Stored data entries

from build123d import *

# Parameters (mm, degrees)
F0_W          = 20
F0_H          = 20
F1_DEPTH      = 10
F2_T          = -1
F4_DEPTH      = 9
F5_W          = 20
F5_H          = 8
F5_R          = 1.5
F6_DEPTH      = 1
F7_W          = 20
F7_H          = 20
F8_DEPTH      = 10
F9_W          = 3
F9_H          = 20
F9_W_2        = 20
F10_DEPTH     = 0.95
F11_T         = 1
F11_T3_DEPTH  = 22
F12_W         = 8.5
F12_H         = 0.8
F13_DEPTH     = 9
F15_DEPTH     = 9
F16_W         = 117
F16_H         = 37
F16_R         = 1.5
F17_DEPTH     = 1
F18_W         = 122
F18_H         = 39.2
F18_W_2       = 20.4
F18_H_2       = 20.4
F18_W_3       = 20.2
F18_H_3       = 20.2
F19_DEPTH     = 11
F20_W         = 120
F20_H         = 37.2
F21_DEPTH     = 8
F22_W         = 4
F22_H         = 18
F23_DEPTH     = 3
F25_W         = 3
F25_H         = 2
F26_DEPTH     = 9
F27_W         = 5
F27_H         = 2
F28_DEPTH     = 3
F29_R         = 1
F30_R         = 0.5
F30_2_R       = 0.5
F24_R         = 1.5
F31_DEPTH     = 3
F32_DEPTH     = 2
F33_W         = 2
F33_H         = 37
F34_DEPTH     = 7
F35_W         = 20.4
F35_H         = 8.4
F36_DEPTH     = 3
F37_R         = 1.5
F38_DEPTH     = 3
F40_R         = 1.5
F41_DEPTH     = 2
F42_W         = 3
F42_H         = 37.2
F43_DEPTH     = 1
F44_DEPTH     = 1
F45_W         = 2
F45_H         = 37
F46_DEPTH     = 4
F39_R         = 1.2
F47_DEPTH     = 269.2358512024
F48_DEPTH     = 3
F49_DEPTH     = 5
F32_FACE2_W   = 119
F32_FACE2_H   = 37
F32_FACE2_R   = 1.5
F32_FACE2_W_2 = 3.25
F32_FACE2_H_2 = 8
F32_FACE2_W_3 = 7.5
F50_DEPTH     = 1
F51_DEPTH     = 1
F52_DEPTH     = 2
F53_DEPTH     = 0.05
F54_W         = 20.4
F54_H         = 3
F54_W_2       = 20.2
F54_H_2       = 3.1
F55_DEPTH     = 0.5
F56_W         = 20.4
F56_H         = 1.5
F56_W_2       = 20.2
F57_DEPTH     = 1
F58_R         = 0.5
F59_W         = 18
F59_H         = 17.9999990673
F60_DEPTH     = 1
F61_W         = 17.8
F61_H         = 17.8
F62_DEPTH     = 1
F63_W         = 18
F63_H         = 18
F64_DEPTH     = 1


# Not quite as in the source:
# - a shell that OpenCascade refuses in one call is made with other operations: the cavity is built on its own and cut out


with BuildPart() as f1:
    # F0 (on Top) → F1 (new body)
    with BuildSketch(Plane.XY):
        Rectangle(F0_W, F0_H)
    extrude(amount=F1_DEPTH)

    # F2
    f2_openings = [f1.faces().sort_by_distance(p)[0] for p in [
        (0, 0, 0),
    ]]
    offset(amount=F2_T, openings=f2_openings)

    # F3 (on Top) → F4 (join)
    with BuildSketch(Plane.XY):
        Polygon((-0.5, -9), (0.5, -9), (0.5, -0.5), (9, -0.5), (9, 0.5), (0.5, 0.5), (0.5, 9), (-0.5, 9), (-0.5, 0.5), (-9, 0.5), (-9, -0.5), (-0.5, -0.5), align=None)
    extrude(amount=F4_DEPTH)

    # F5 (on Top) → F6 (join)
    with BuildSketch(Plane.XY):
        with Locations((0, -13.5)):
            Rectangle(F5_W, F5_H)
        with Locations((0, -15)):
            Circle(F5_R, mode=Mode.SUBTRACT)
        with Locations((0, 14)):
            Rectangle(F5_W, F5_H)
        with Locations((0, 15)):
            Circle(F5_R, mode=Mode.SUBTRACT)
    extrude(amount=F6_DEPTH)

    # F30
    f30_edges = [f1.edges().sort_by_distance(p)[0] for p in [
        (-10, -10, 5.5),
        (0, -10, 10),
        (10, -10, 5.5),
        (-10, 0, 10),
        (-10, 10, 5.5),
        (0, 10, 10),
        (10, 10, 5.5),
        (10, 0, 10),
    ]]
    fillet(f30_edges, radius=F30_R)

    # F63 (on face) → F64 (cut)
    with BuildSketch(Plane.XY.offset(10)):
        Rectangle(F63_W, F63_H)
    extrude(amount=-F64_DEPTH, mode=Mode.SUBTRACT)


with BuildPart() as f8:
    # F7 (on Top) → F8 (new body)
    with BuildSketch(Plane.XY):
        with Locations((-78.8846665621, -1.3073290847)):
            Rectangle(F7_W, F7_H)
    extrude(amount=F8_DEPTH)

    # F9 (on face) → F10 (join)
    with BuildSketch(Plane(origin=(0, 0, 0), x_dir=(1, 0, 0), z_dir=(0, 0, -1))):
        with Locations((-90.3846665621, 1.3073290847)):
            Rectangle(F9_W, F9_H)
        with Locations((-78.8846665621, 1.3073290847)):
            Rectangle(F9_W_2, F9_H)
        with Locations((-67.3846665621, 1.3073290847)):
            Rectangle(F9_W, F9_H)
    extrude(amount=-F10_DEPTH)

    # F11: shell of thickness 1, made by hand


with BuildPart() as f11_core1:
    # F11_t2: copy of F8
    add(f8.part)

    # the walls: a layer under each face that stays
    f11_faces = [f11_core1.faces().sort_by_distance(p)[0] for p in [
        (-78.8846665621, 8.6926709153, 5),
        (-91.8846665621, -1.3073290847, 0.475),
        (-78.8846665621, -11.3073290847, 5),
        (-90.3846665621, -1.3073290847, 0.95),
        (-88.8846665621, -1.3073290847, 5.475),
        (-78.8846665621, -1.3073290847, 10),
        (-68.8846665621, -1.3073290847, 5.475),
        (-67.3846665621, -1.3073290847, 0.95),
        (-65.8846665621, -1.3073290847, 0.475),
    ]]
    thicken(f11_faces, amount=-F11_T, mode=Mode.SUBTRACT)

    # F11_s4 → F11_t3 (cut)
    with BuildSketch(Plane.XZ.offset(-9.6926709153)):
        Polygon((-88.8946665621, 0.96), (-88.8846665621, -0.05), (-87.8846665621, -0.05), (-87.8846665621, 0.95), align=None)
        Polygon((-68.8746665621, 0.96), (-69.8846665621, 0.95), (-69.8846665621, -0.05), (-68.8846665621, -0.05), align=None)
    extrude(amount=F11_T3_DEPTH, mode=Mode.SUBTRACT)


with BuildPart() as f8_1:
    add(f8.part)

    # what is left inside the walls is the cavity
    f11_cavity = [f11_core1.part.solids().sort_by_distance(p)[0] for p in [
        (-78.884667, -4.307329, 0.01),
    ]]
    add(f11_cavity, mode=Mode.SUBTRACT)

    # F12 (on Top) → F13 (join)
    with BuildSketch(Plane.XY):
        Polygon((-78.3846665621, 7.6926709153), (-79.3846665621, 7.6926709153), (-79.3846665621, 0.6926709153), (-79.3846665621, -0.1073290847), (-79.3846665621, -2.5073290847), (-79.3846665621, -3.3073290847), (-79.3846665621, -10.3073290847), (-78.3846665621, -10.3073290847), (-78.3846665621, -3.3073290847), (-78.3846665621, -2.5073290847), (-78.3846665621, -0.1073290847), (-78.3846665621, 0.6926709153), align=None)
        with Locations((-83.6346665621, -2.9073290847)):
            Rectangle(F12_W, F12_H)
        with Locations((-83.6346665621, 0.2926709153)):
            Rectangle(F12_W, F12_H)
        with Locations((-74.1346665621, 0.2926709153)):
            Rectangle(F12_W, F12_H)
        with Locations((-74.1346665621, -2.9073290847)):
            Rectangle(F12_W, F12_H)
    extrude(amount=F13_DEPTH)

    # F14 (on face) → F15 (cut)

Your task: Go line by line through the records above and copy each one containing "offset".

Solved problem:
    offset(amount=F2_T, openings=f2_openings)
    with BuildSketch(Plane.XY.offset(10)):
    with BuildSketch(Plane.XZ.offset(-9.6926709153)):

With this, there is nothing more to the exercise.